--- Provided records ---
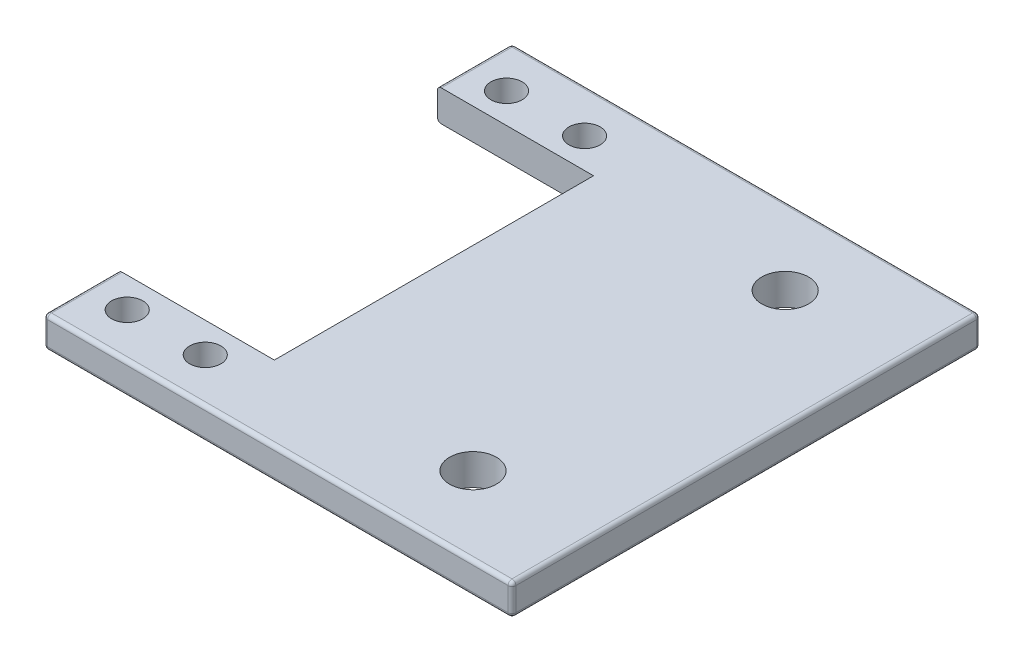
from build123d import *

# Parameters (mm, degrees)
SKETCH1_R           = 2
SKETCH1_R_2         = 3
BOSS_EXTRUDE1_DEPTH = 2
FILLET1_R           = 0.5


with BuildPart() as part:
    # Sketch1 → Boss-Extrude1 (new, symmetric)
    with BuildSketch(Plane(origin=(0, 0, 0), x_dir=(1, 0, 0), z_dir=(0, 1, 0))):
        Polygon((-30, -20.45), (-30, -30), (30, -30), (30, 30), (-30, 30), (-30, 20.45), (-10, 20.45), (-10, -20.45), align=None)
        with Locations((-25, -24.3)):
            Circle(SKETCH1_R, mode=Mode.SUBTRACT)
        with Locations((-15, -24.3)):
            Circle(SKETCH1_R, mode=Mode.SUBTRACT)
        with Locations((15, -20)):
            Circle(SKETCH1_R_2, mode=Mode.SUBTRACT)
        with Locations((-25, 24.3)):
            Circle(SKETCH1_R, mode=Mode.SUBTRACT)
        with Locations((-15, 24.3)):
            Circle(SKETCH1_R, mode=Mode.SUBTRACT)
        with Locations((15, 20)):
            Circle(SKETCH1_R_2, mode=Mode.SUBTRACT)
    extrude(amount=BOSS_EXTRUDE1_DEPTH, both=True)

    # Fillet1
    fillet1_edges = [part.edges().sort_by_distance(p)[0] for p in [
        (30, 2, 0),
        (30, -2, 0),
        (-30, 0, 30),
        (0, 2, 30),
        (30, 0, 30),
        (0, -2, 30),
        (30, 0, -30),
        (0, 2, -30),
        (-30, 0, -30),
        (0, -2, -30),
        (-30, -2, 25.225),
        (-30, 2, 25.225),
        (-30, -2, -25.225),
        (-30, 2, -25.225),
    ]]
    fillet(fillet1_edges, radius=FILLET1_R)


solid = part.part

--- What to produce ---
Omit the pictures, then quote the rest of the material above exactly.

--- Solution for this problem ---
from build123d import *

# Parameters (mm, degrees)
SKETCH1_R           = 2
SKETCH1_R_2         = 3
BOSS_EXTRUDE1_DEPTH = 2
FILLET1_R           = 0.5


with BuildPart() as part:
    # Sketch1 → Boss-Extrude1 (new, symmetric)
    with BuildSketch(Plane(origin=(0, 0, 0), x_dir=(1, 0, 0), z_dir=(0, 1, 0))):
        Polygon((-30, -20.45), (-30, -30), (30, -30), (30, 30), (-30, 30), (-30, 20.45), (-10, 20.45), (-10, -20.45), align=None)
        with Locations((-25, -24.3)):
            Circle(SKETCH1_R, mode=Mode.SUBTRACT)
        with Locations((-15, -24.3)):
            Circle(SKETCH1_R, mode=Mode.SUBTRACT)
        with Locations((15, -20)):
            Circle(SKETCH1_R_2, mode=Mode.SUBTRACT)
        with Locations((-25, 24.3)):
            Circle(SKETCH1_R, mode=Mode.SUBTRACT)
        with Locations((-15, 24.3)):
            Circle(SKETCH1_R, mode=Mode.SUBTRACT)
        with Locations((15, 20)):
            Circle(SKETCH1_R_2, mode=Mode.SUBTRACT)
    extrude(amount=BOSS_EXTRUDE1_DEPTH, both=True)

    # Fillet1
    fillet1_edges = [part.edges().sort_by_distance(p)[0] for p in [
        (30, 2, 0),
        (30, -2, 0),
        (-30, 0, 30),
        (0, 2, 30),
        (30, 0, 30),
        (0, -2, 30),
        (30, 0, -30),
        (0, 2, -30),
        (-30, 0, -30),
        (0, -2, -30),
        (-30, -2, 25.225),
        (-30, 2, 25.225),
        (-30, -2, -25.225),
        (-30, 2, -25.225),
    ]]
    fillet(fillet1_edges, radius=FILLET1_R)


solid = part.part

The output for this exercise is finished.